While the mapping of mature and hairpin miRNA sequences to assembled genomes is readily available in miRBase, the extents of only very few primary miRNA transcripts (pri-miRNA) are determined and annotated. For intronic miRNAs, the pri-miRNA is assumed to be the protein- (or non-)coding host transcript. Information about the extents of intergenic pri-miRNAs can be inferred from collective analysis of genomic features such as transcription start sites (TSS), CpG islands, EST and cDNA overlap, DITAG and 5′CAGE data, transcription factor binding sites (TFBS) and polyadenylation site predictions (polyA). A detailed analysis of these data suggest that pri-miRNA transcripts vary in length from a few hundreds of bases up to tens of kilobases (24). We have recently developed a tool to visualize the relative positions of these predictions and mappings with respect to annotated miRNA genes and clusters. Careful inspection of these data allows the prediction of the 5′ and 3′ boundaries of a significant number of putative pri-miRNAs. For example, Figure 1 shows TSSs, CpG island, ESTs, cDNAs, DITAG (172B22 and 172B221) and polyA site predictions surrounding mmu-mir-135b on mouse chromosome 1, which support a primary transcript of length around 15 kb with 5′ and 3′ ends ~7–8 kb upstream and downstream of the miRNA. Links from each miRNA entry page provide a tabulated list of features overlapping flanking regions of the miRNA with their corresponding coordinates and scores, and a graphical view of the features present in the miRNA gene neighbourhood (as in Figure 1). These views are currently available for human, mouse, rat, worm and fly miRNAs, and will be extended to other organisms in the future. For human, mouse and rat genomes, TSSs are predicted using the Eponine-TSS software (25) at a threshold of 0.990. Drosophila TSS predictions, together with CpG islands, ESTs, cDNAs, repeats and DITAGs for all species are obtained from Ensembl. TFBSs in the flanking regions of human miRNAs are obtained from the conserved TFBS track of the UCSC genome browser (26). Other TFBS data are imported from the regulatory features track of Ensembl. PolyA signals are predicted in-house using the DNAFSMiner method (27) with a cutoff score of 0.6. The ‘Genomics’ section of the miRBase site allows the user to specify flanking and clustering distances, and the range of features desired.

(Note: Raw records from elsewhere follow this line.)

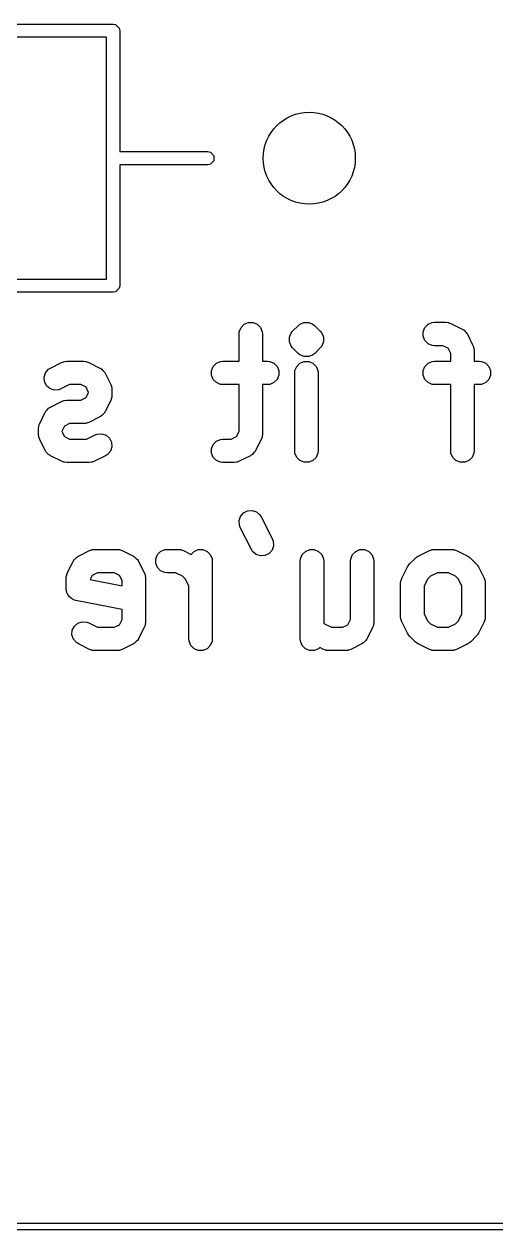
# Model space of a CAD drawing. Extents: x 50.8 to 101.6, y -101.6 to -50.8.
# Drawn here: x 89.27 to 92.86, y -101.62 to -92.45 of the extents above; entities that cross this region are included whole.
import ezdxf

# ---------------------------------------------------------------- set-up
doc = ezdxf.new("R2010")
doc.units = 0
doc.layers.add('BLACK', color=7, linetype='CONTINUOUS')

msp = doc.modelspace()

# ---------------------------------------------------------------- linework, layer by layer
at = {"layer": 'BLACK', "linetype": 'CONTINUOUS'}
for p, q in [((85.31, -92.452), (89.95, -92.452)), ((89.95, -92.452), (89.969134, -92.455806)), ((89.969134, -92.455806), (89.996194, -92.482866)), ((89.9, -92.552), (85.36, -92.552)), ((89.9, -94.392), (89.9, -92.552)), ((89.996194, -92.482866), (90, -92.502)), ((90, -92.502), (90, -93.422)), ((90, -93.422), (90.67, -93.422)), ((90.67, -93.422), (90.689134, -93.425806)), ((90.689134, -93.425806), (90.716194, -93.452866)), ((90.716194, -93.452866), (90.716194, -93.491134)), ((90.67, -93.522), (90, -93.522)), ((90, -93.522), (90, -94.442)), ((90.689134, -93.518194), (90.67, -93.522)), ((90.716194, -93.491134), (90.689134, -93.518194)), ((85.36, -94.392), (89.9, -94.392)), ((89.996194, -94.461134), (89.969134, -94.488194)), ((90, -94.442), (89.996194, -94.461134)), ((89.95, -94.492), (85.31, -94.492)), ((89.969134, -94.488194), (89.95, -94.492)), ((90.921582, -94.760013), (90.94611, -94.735485)), ((90.94611, -94.735485), (90.978156, -94.722211)), ((90.978156, -94.722211), (91.012844, -94.722211)), ((91.012844, -94.722211), (91.04489, -94.735485)), ((91.04489, -94.735485), (91.069418, -94.760013)), ((91.313638, -94.788874), (91.355971, -94.746541)), ((91.355971, -94.746541), (91.369443, -94.735485)), ((91.369443, -94.735485), (91.401489, -94.722211)), ((91.401489, -94.722211), (91.436177, -94.722211)), ((91.436177, -94.722211), (91.468223, -94.735485)), ((91.468223, -94.735485), (91.481695, -94.746541)), ((91.481695, -94.746541), (91.524028, -94.788874)), ((92.318581, -94.760013), (92.343109, -94.735485)), ((92.343109, -94.735485), (92.375155, -94.722211)), ((92.375155, -94.722211), (92.392499, -94.720503)), ((92.392499, -94.720503), (92.477166, -94.720503)), ((92.477166, -94.720503), (92.49451, -94.722211)), ((92.49451, -94.722211), (92.497461, -94.723433)), ((92.497461, -94.723433), (92.500646, -94.72366)), ((92.500646, -94.72366), (92.516923, -94.729888)), ((92.516923, -94.729888), (92.60159, -94.772221)), ((90.9066, -94.809403), (90.908308, -94.792059)), ((90.9066, -95.016836), (90.9066, -94.809403)), ((90.908308, -94.792059), (90.921582, -94.760013)), ((91.069418, -94.760013), (91.082692, -94.792059)), ((91.082692, -94.792059), (91.0844, -94.809403)), ((91.0844, -94.809403), (91.0844, -95.016836)), ((91.289308, -94.834392), (91.292475, -94.826747)), ((91.289308, -94.86908), (91.289308, -94.834392)), ((91.292475, -94.826747), (91.302582, -94.802345)), ((91.302582, -94.802345), (91.302586, -94.80234)), ((91.302586, -94.80234), (91.313638, -94.788874)), ((91.524028, -94.788874), (91.535079, -94.80234)), ((91.535079, -94.80234), (91.535084, -94.802345)), ((91.535084, -94.802345), (91.545192, -94.826747)), ((91.545192, -94.826747), (91.548358, -94.834392)), ((91.548358, -94.834392), (91.548358, -94.86908)), ((92.305307, -94.792059), (92.318581, -94.760013)), ((92.305307, -94.826747), (92.305307, -94.792059)), ((92.318581, -94.858793), (92.305307, -94.826747)), ((92.60159, -94.772221), (92.604489, -94.774046)), ((92.604489, -94.774046), (92.60586, -94.774503)), ((92.60586, -94.774503), (92.607566, -94.775982)), ((92.607566, -94.775982), (92.616339, -94.781505)), ((92.616339, -94.781505), (92.623641, -94.789925)), ((92.623641, -94.789925), (92.632064, -94.79723)), ((92.632064, -94.79723), (92.637588, -94.806006)), ((92.637588, -94.806006), (92.639065, -94.807709)), ((92.639065, -94.807709), (92.63952, -94.809076)), ((92.63952, -94.809076), (92.641348, -94.811979)), ((92.641348, -94.811979), (92.683681, -94.896646)), ((91.29185, -94.875216), (91.289308, -94.86908)), ((91.302581, -94.901125), (91.29185, -94.875216)), ((91.313637, -94.914597), (91.302581, -94.901125)), ((91.355971, -94.956931), (91.313637, -94.914597)), ((91.524029, -94.914597), (91.481696, -94.956931)), ((91.535085, -94.901125), (91.524029, -94.914597)), ((91.545816, -94.875216), (91.535085, -94.901125)), ((91.548358, -94.86908), (91.545816, -94.875216)), ((92.343109, -94.883321), (92.318581, -94.858793)), ((92.375155, -94.896595), (92.343109, -94.883321)), ((92.392499, -94.898303), (92.375155, -94.896595)), ((92.456179, -94.898303), (92.392499, -94.898303)), ((92.49557, -94.917998), (92.456179, -94.898303)), ((92.515266, -94.957389), (92.49557, -94.917998)), ((92.683681, -94.896646), (92.689909, -94.912923)), ((92.689909, -94.912923), (92.690135, -94.916107)), ((92.690135, -94.916107), (92.691358, -94.919059)), ((92.691358, -94.919059), (92.693066, -94.936403)), ((92.693066, -94.936403), (92.693066, -95.016836)), ((89.474076, -95.068556), (89.558742, -95.026222)), ((89.558742, -95.026222), (89.575019, -95.019993)), ((89.575019, -95.019993), (89.578204, -95.019766)), ((89.578204, -95.019766), (89.581156, -95.018544)), ((89.581156, -95.018544), (89.5985, -95.016836)), ((89.5985, -95.016836), (89.7255, -95.016836)), ((89.7255, -95.016836), (89.742844, -95.018544)), ((89.742844, -95.018544), (89.745795, -95.019766)), ((89.745795, -95.019766), (89.748981, -95.019993)), ((89.748981, -95.019993), (89.765258, -95.026222)), ((89.765258, -95.026222), (89.849925, -95.068556)), ((90.709915, -95.056346), (90.734443, -95.031818)), ((90.734443, -95.031818), (90.766489, -95.018544)), ((90.766489, -95.018544), (90.783833, -95.016836)), ((90.783833, -95.016836), (90.9066, -95.016836)), ((91.0844, -95.016836), (91.1225, -95.016836)), ((91.1225, -95.016836), (91.139844, -95.018544)), ((91.139844, -95.018544), (91.17189, -95.031818)), ((91.17189, -95.031818), (91.196418, -95.056346)), ((91.344915, -95.056346), (91.369443, -95.031818)), ((91.369442, -94.967988), (91.355971, -94.956931)), ((91.401488, -94.981262), (91.369442, -94.967988)), ((91.369443, -95.031818), (91.401489, -95.018544)), ((91.401489, -94.981262), (91.401488, -94.981262)), ((91.40149, -94.981262), (91.401489, -94.981262)), ((91.401489, -95.018544), (91.436177, -95.018544)), ((91.436178, -94.981262), (91.40149, -94.981262)), ((91.436177, -95.018544), (91.468223, -95.031818)), ((91.468224, -94.967988), (91.436178, -94.981262)), ((91.468223, -95.031818), (91.492751, -95.056346)), ((91.481696, -94.956931), (91.468224, -94.967988)), ((92.318581, -95.056346), (92.343109, -95.031818)), ((92.343109, -95.031818), (92.375155, -95.018544)), ((92.375155, -95.018544), (92.392499, -95.016836)), ((92.392499, -95.016836), (92.515266, -95.016836)), ((92.515266, -95.016836), (92.515266, -94.957389)), ((92.693066, -95.016836), (92.731166, -95.016836)), ((92.731166, -95.016836), (92.74851, -95.018544)), ((92.74851, -95.018544), (92.780556, -95.031818)), ((92.780556, -95.031818), (92.805084, -95.056346)), ((89.425632, -95.136952), (89.436601, -95.104044)), ((89.436601, -95.104044), (89.459327, -95.07784)), ((89.459327, -95.07784), (89.474076, -95.068556)), ((89.849925, -95.068556), (89.852823, -95.07038)), ((89.852823, -95.07038), (89.854193, -95.070837)), ((89.854193, -95.070837), (89.855898, -95.072315)), ((89.855898, -95.072315), (89.864674, -95.07784)), ((89.864674, -95.07784), (89.871979, -95.086263)), ((89.871979, -95.086263), (89.880397, -95.093564)), ((89.880397, -95.093564), (89.88592, -95.102338)), ((89.88592, -95.102338), (89.8874, -95.104044)), ((89.8874, -95.104044), (89.887856, -95.105412)), ((89.887856, -95.105412), (89.889682, -95.108313)), ((89.889682, -95.108313), (89.932014, -95.192978)), ((90.696641, -95.088392), (90.709915, -95.056346)), ((90.696641, -95.12308), (90.696641, -95.088392)), ((90.709915, -95.155126), (90.696641, -95.12308)), ((91.196418, -95.056346), (91.209692, -95.088392)), ((91.209692, -95.12308), (91.196418, -95.155126)), ((91.209692, -95.088392), (91.209692, -95.12308)), ((91.329933, -95.105736), (91.331641, -95.088392)), ((91.329933, -95.698403), (91.329933, -95.105736)), ((91.331641, -95.088392), (91.344915, -95.056346)), ((91.492751, -95.056346), (91.506025, -95.088392)), ((91.506025, -95.088392), (91.507733, -95.105736)), ((91.507733, -95.105736), (91.507733, -95.698403)), ((92.305307, -95.088392), (92.318581, -95.056346)), ((92.305307, -95.12308), (92.305307, -95.088392)), ((92.318581, -95.155126), (92.305307, -95.12308)), ((92.805084, -95.056346), (92.818358, -95.088392)), ((92.818358, -95.12308), (92.805084, -95.155126)), ((92.818358, -95.088392), (92.818358, -95.12308)), ((89.428091, -95.171551), (89.425632, -95.136952)), ((89.443604, -95.202577), (89.428091, -95.171551)), ((89.469808, -95.225303), (89.443604, -95.202577)), ((89.619486, -95.194636), (89.553592, -95.227584)), ((89.704514, -95.194636), (89.619486, -95.194636)), ((89.743904, -95.214331), (89.704514, -95.194636)), ((89.7636, -95.253723), (89.743904, -95.214331)), ((89.932014, -95.192978), (89.938243, -95.209255)), ((89.938243, -95.209255), (89.938469, -95.21244)), ((89.938469, -95.21244), (89.939692, -95.215392)), ((89.939692, -95.215392), (89.9414, -95.232736)), ((90.734443, -95.179654), (90.709915, -95.155126)), ((90.766489, -95.192928), (90.734443, -95.179654)), ((90.783833, -95.194636), (90.766489, -95.192928)), ((90.9066, -95.194636), (90.783833, -95.194636)), ((90.9066, -95.550416), (90.9066, -95.194636)), ((91.1225, -95.194636), (91.0844, -95.194636)), ((91.0844, -95.194636), (91.0844, -95.571403)), ((91.139844, -95.192928), (91.1225, -95.194636)), ((91.17189, -95.179654), (91.139844, -95.192928)), ((91.196418, -95.155126), (91.17189, -95.179654)), ((92.343109, -95.179654), (92.318581, -95.155126)), ((92.375155, -95.192928), (92.343109, -95.179654)), ((92.392499, -95.194636), (92.375155, -95.192928)), ((92.515266, -95.194636), (92.392499, -95.194636)), ((92.515266, -95.698403), (92.515266, -95.194636)), ((92.731166, -95.194636), (92.693066, -95.194636)), ((92.693066, -95.194636), (92.693066, -95.698403)), ((92.74851, -95.192928), (92.731166, -95.194636)), ((92.780556, -95.179654), (92.74851, -95.192928)), ((92.805084, -95.155126), (92.780556, -95.179654)), ((89.502716, -95.236272), (89.469808, -95.225303)), ((89.537315, -95.233813), (89.502716, -95.236272)), ((89.553592, -95.227584), (89.537315, -95.233813)), ((89.704514, -95.31317), (89.743904, -95.293475)), ((89.743904, -95.293475), (89.7636, -95.254083)), ((89.7636, -95.254083), (89.7636, -95.253723)), ((89.938243, -95.298551), (89.932014, -95.314828)), ((89.938469, -95.295365), (89.938243, -95.298551)), ((89.939692, -95.292414), (89.938469, -95.295365)), ((89.9414, -95.27507), (89.939692, -95.292414)), ((89.9414, -95.232736), (89.9414, -95.27507)), ((89.436601, -95.400377), (89.438079, -95.398671)), ((89.438079, -95.398671), (89.443604, -95.389896)), ((89.443604, -95.389896), (89.452027, -95.38259)), ((89.452027, -95.38259), (89.459328, -95.374173)), ((89.459328, -95.374173), (89.468102, -95.368649)), ((89.468102, -95.368649), (89.469808, -95.36717)), ((89.469808, -95.36717), (89.471176, -95.366713)), ((89.471176, -95.366713), (89.474077, -95.364888)), ((89.474077, -95.364888), (89.558742, -95.322556)), ((89.558742, -95.322556), (89.575019, -95.316327)), ((89.575019, -95.316327), (89.578204, -95.3161)), ((89.578204, -95.3161), (89.581156, -95.314878)), ((89.581156, -95.314878), (89.5985, -95.31317)), ((89.5985, -95.31317), (89.704514, -95.31317)), ((89.932014, -95.314828), (89.889682, -95.399493)), ((89.385757, -95.505589), (89.391986, -95.489312)), ((89.391986, -95.489312), (89.43432, -95.404645)), ((89.43432, -95.404645), (89.436144, -95.401746)), ((89.436144, -95.401746), (89.436601, -95.400377)), ((89.742844, -95.489262), (89.7255, -95.49097)), ((89.745795, -95.488039), (89.742844, -95.489262)), ((89.748981, -95.487813), (89.745795, -95.488039)), ((89.765258, -95.481584), (89.748981, -95.487813)), ((89.849925, -95.43925), (89.765258, -95.481584)), ((89.852823, -95.437425), (89.849925, -95.43925)), ((89.854193, -95.436969), (89.852823, -95.437425)), ((89.855898, -95.43549), (89.854193, -95.436969)), ((89.864674, -95.429966), (89.855898, -95.43549)), ((89.871979, -95.421542), (89.864674, -95.429966)), ((89.880397, -95.414242), (89.871979, -95.421542)), ((89.88592, -95.405467), (89.880397, -95.414242)), ((89.8874, -95.403762), (89.88592, -95.405467)), ((89.887856, -95.402393), (89.8874, -95.403762)), ((89.889682, -95.399493), (89.887856, -95.402393)), ((89.3826, -95.52907), (89.384308, -95.511726)), ((89.3826, -95.571403), (89.3826, -95.52907)), ((89.384308, -95.588747), (89.3826, -95.571403)), ((89.384308, -95.511726), (89.38553, -95.508774)), ((89.38553, -95.508774), (89.385757, -95.505589)), ((89.580095, -95.510666), (89.5604, -95.550056)), ((89.5604, -95.550056), (89.5604, -95.550417)), ((89.5604, -95.550417), (89.580095, -95.589807)), ((89.619487, -95.49097), (89.580095, -95.510666)), ((89.7255, -95.49097), (89.619487, -95.49097)), ((89.746847, -95.609503), (89.812742, -95.576556)), ((89.812742, -95.576556), (89.829019, -95.570327)), ((89.829019, -95.570327), (89.863618, -95.567868)), ((89.863618, -95.567868), (89.896526, -95.578837)), ((89.896526, -95.578837), (89.92273, -95.601564)), ((90.886904, -95.589807), (90.9066, -95.550416)), ((91.0844, -95.571403), (91.082692, -95.588747)), ((89.38553, -95.591698), (89.384308, -95.588747)), ((89.385757, -95.594884), (89.38553, -95.591698)), ((89.391986, -95.611161), (89.385757, -95.594884)), ((89.43432, -95.695828), (89.391986, -95.611161)), ((89.580095, -95.589807), (89.619487, -95.609503)), ((89.619487, -95.609503), (89.746847, -95.609503)), ((89.92273, -95.601564), (89.938243, -95.63259)), ((89.940702, -95.667189), (89.929732, -95.700097)), ((89.938243, -95.63259), (89.940702, -95.667189)), ((90.696641, -95.681059), (90.709915, -95.649013)), ((90.709915, -95.649013), (90.734443, -95.624485)), ((90.734443, -95.624485), (90.766489, -95.611211)), ((90.766489, -95.611211), (90.783833, -95.609503)), ((90.783833, -95.609503), (90.847513, -95.609503)), ((90.847513, -95.609503), (90.886904, -95.589807)), ((91.075015, -95.61116), (91.032682, -95.695827)), ((91.081243, -95.594883), (91.075015, -95.61116)), ((91.081469, -95.591698), (91.081243, -95.594883)), ((91.082692, -95.588747), (91.081469, -95.591698)), ((89.436144, -95.698726), (89.43432, -95.695828)), ((89.436601, -95.700096), (89.436144, -95.698726)), ((89.438079, -95.701801), (89.436601, -95.700096)), ((89.443604, -95.710577), (89.438079, -95.701801)), ((89.452027, -95.717882), (89.443604, -95.710577)), ((89.459328, -95.7263), (89.452027, -95.717882)), ((89.468102, -95.731823), (89.459328, -95.7263)), ((89.469808, -95.733303), (89.468102, -95.731823)), ((89.471176, -95.733759), (89.469808, -95.733303)), ((89.474077, -95.735585), (89.471176, -95.733759)), ((89.558742, -95.777917), (89.474077, -95.735585)), ((89.892257, -95.735585), (89.807591, -95.777918)), ((89.907006, -95.726301), (89.892257, -95.735585)), ((89.929732, -95.700097), (89.907006, -95.726301)), ((90.696641, -95.715747), (90.696641, -95.681059)), ((90.709915, -95.747793), (90.696641, -95.715747)), ((90.734443, -95.772321), (90.709915, -95.747793)), ((90.992924, -95.735585), (90.908257, -95.777918)), ((90.995823, -95.733759), (90.992924, -95.735585)), ((90.997194, -95.733303), (90.995823, -95.733759)), ((90.9989, -95.731823), (90.997194, -95.733303)), ((91.007673, -95.726301), (90.9989, -95.731823)), ((91.014975, -95.71788), (91.007673, -95.726301)), ((91.023398, -95.710576), (91.014975, -95.71788)), ((91.028922, -95.701799), (91.023398, -95.710576)), ((91.030399, -95.700097), (91.028922, -95.701799)), ((91.030854, -95.698729), (91.030399, -95.700097)), ((91.032682, -95.695827), (91.030854, -95.698729)), ((91.331641, -95.715747), (91.329933, -95.698403)), ((91.344915, -95.747793), (91.331641, -95.715747)), ((91.369443, -95.772321), (91.344915, -95.747793)), ((91.492751, -95.747793), (91.468223, -95.772321)), ((91.506025, -95.715747), (91.492751, -95.747793)), ((91.507733, -95.698403), (91.506025, -95.715747)), ((92.516974, -95.715747), (92.515266, -95.698403)), ((92.530248, -95.747793), (92.516974, -95.715747)), ((92.554776, -95.772321), (92.530248, -95.747793)), ((92.678084, -95.747793), (92.653556, -95.772321)), ((92.691358, -95.715747), (92.678084, -95.747793)), ((92.693066, -95.698403), (92.691358, -95.715747)), ((89.575019, -95.784146), (89.558742, -95.777917)), ((89.578204, -95.784372), (89.575019, -95.784146)), ((89.581156, -95.785595), (89.578204, -95.784372)), ((89.5985, -95.787303), (89.581156, -95.785595)), ((89.767834, -95.787303), (89.5985, -95.787303)), ((89.785178, -95.785595), (89.767834, -95.787303)), ((89.788129, -95.784372), (89.785178, -95.785595)), ((89.791315, -95.784146), (89.788129, -95.784372)), ((89.807591, -95.777918), (89.791315, -95.784146)), ((90.766489, -95.785595), (90.734443, -95.772321)), ((90.783833, -95.787303), (90.766489, -95.785595)), ((90.8685, -95.787303), (90.783833, -95.787303)), ((90.885844, -95.785595), (90.8685, -95.787303)), ((90.888795, -95.784372), (90.885844, -95.785595)), ((90.89198, -95.784146), (90.888795, -95.784372)), ((90.908257, -95.777918), (90.89198, -95.784146)), ((91.401489, -95.785595), (91.369443, -95.772321)), ((91.436177, -95.785595), (91.401489, -95.785595)), ((91.468223, -95.772321), (91.436177, -95.785595)), ((92.586822, -95.785595), (92.554776, -95.772321)), ((92.62151, -95.785595), (92.586822, -95.785595)), ((92.653556, -95.772321), (92.62151, -95.785595)), ((90.907295, -96.229524), (90.918264, -96.196616)), ((90.918264, -96.196616), (90.940991, -96.170412)), ((90.940991, -96.170412), (90.972017, -96.1549)), ((90.972017, -96.1549), (91.006616, -96.152441)), ((91.006616, -96.152441), (91.039524, -96.16341)), ((91.039524, -96.16341), (91.065728, -96.186137)), ((91.065728, -96.186137), (91.075012, -96.200886)), ((91.075012, -96.200886), (91.159678, -96.370219)), ((90.909754, -96.264123), (90.907295, -96.229524)), ((90.915982, -96.2804), (90.909754, -96.264123)), ((91.000648, -96.449733), (90.915982, -96.2804)), ((91.159678, -96.370219), (91.165907, -96.386496)), ((91.165907, -96.386496), (91.168365, -96.421095)), ((89.682838, -96.501621), (89.685739, -96.499796)), ((89.685739, -96.499796), (89.770407, -96.457462)), ((89.770407, -96.457462), (89.786683, -96.451233)), ((89.786683, -96.451233), (89.789868, -96.451006)), ((89.789868, -96.451006), (89.79282, -96.449784)), ((89.79282, -96.449784), (89.810164, -96.448076)), ((89.810164, -96.448076), (89.979497, -96.448076)), ((89.979497, -96.448076), (89.996841, -96.449784)), ((89.996841, -96.449784), (89.999792, -96.451006)), ((89.999792, -96.451006), (90.002978, -96.451233)), ((90.002978, -96.451233), (90.019255, -96.457462)), ((90.019255, -96.457462), (90.103922, -96.499796)), ((90.103922, -96.499796), (90.10682, -96.50162)), ((90.273305, -96.519632), (90.286579, -96.487586)), ((90.286579, -96.487586), (90.311107, -96.463058)), ((90.311107, -96.463058), (90.343153, -96.449784)), ((90.343153, -96.449784), (90.360497, -96.448076)), ((90.360497, -96.448076), (90.445164, -96.448076)), ((90.445164, -96.448076), (90.462508, -96.449784)), ((90.462508, -96.449784), (90.465459, -96.451006)), ((90.465459, -96.451006), (90.468645, -96.451233)), ((90.468645, -96.451233), (90.484922, -96.457462)), ((90.484922, -96.457462), (90.542108, -96.486056)), ((90.542108, -96.486056), (90.565107, -96.463058)), ((90.565107, -96.463058), (90.597153, -96.449784)), ((90.597153, -96.449784), (90.631841, -96.449784)), ((90.631841, -96.449784), (90.663887, -96.463058)), ((90.663887, -96.463058), (90.688415, -96.487586)), ((90.688415, -96.487586), (90.701689, -96.519632)), ((91.009933, -96.464482), (91.000648, -96.449733)), ((91.036137, -96.487209), (91.009933, -96.464482)), ((91.069044, -96.498178), (91.036137, -96.487209)), ((91.103643, -96.49572), (91.069044, -96.498178)), ((91.134669, -96.480207), (91.103643, -96.49572)), ((91.157396, -96.454003), (91.134669, -96.480207)), ((91.168365, -96.421095), (91.157396, -96.454003)), ((91.373971, -96.519632), (91.387245, -96.487586)), ((91.387245, -96.487586), (91.411773, -96.463058)), ((91.411773, -96.463058), (91.443819, -96.449784)), ((91.443819, -96.449784), (91.478507, -96.449784)), ((91.478507, -96.449784), (91.510553, -96.463058)), ((91.510553, -96.463058), (91.535081, -96.487586)), ((91.535081, -96.487586), (91.548355, -96.519632)), ((91.754971, -96.519632), (91.768245, -96.487586)), ((91.768245, -96.487586), (91.792773, -96.463058)), ((91.792773, -96.463058), (91.824819, -96.449784)), ((91.824819, -96.449784), (91.859507, -96.449784)), ((91.859507, -96.449784), (91.891553, -96.463058)), ((91.891553, -96.463058), (91.916081, -96.487586)), ((91.916081, -96.487586), (91.929355, -96.519632)), ((92.260608, -96.504493), (92.268071, -96.499796)), ((92.268071, -96.499796), (92.352739, -96.457462)), ((92.352739, -96.457462), (92.369015, -96.451233)), ((92.369015, -96.451233), (92.3722, -96.451006)), ((92.3722, -96.451006), (92.375152, -96.449784)), ((92.375152, -96.449784), (92.392496, -96.448076)), ((92.392496, -96.448076), (92.519496, -96.448076)), ((92.519496, -96.448076), (92.53684, -96.449784)), ((92.53684, -96.449784), (92.539791, -96.451006)), ((92.539791, -96.451006), (92.542977, -96.451233)), ((92.542977, -96.451233), (92.559254, -96.457462)), ((92.559254, -96.457462), (92.643921, -96.499796)), ((92.643921, -96.499796), (92.651383, -96.504493)), ((89.603649, -96.624219), (89.645982, -96.539553)), ((89.645982, -96.539553), (89.647807, -96.536652)), ((89.647807, -96.536652), (89.648264, -96.535284)), ((89.648264, -96.535284), (89.649741, -96.53358)), ((89.649741, -96.53358), (89.655266, -96.524804)), ((89.655266, -96.524804), (89.663686, -96.5175)), ((89.663686, -96.5175), (89.67099, -96.50908)), ((89.67099, -96.50908), (89.679766, -96.503555)), ((89.679766, -96.503555), (89.68147, -96.502078)), ((89.68147, -96.502078), (89.682838, -96.501621)), ((90.10682, -96.50162), (90.10819, -96.502077)), ((90.10819, -96.502077), (90.109895, -96.503555)), ((90.109895, -96.503555), (90.118671, -96.50908)), ((90.118671, -96.50908), (90.125976, -96.517503)), ((90.125976, -96.517503), (90.134394, -96.524804)), ((90.134394, -96.524804), (90.139917, -96.533578)), ((90.139917, -96.533578), (90.141397, -96.535284)), ((90.141397, -96.535284), (90.141853, -96.536652)), ((90.141853, -96.536652), (90.143679, -96.539553)), ((90.143679, -96.539553), (90.186011, -96.624218)), ((90.273305, -96.55432), (90.273305, -96.519632)), ((90.286579, -96.586366), (90.273305, -96.55432)), ((90.311107, -96.610894), (90.286579, -96.586366)), ((90.701689, -96.519632), (90.703397, -96.536976)), ((90.703397, -96.536976), (90.703397, -97.129643)), ((91.372263, -96.536976), (91.373971, -96.519632)), ((91.372263, -97.129643), (91.372263, -96.536976)), ((91.548355, -96.519632), (91.550063, -96.536976)), ((91.550063, -96.536976), (91.550063, -97.008152)), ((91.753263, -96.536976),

miRBase is available on the web at http://microrna.sanger.ac.uk/. All data are available for download from the FTP site (ftp://ftp.sanger.ac.uk/pub/mirbase/) in a variety of formats including FASTA sequences and MYSQL relational database dumps.
S.G.-J. is funded by the University of Manchester. H.K.S. holds a GlaxoSmithKline postdoctoral fellowship, and work at the Sanger Institute is funded by the Wellcome Trust. Funding to pay the Open Access publication charges for this article was provided by the University of Manchester.
Conflict of interest statement. None declared.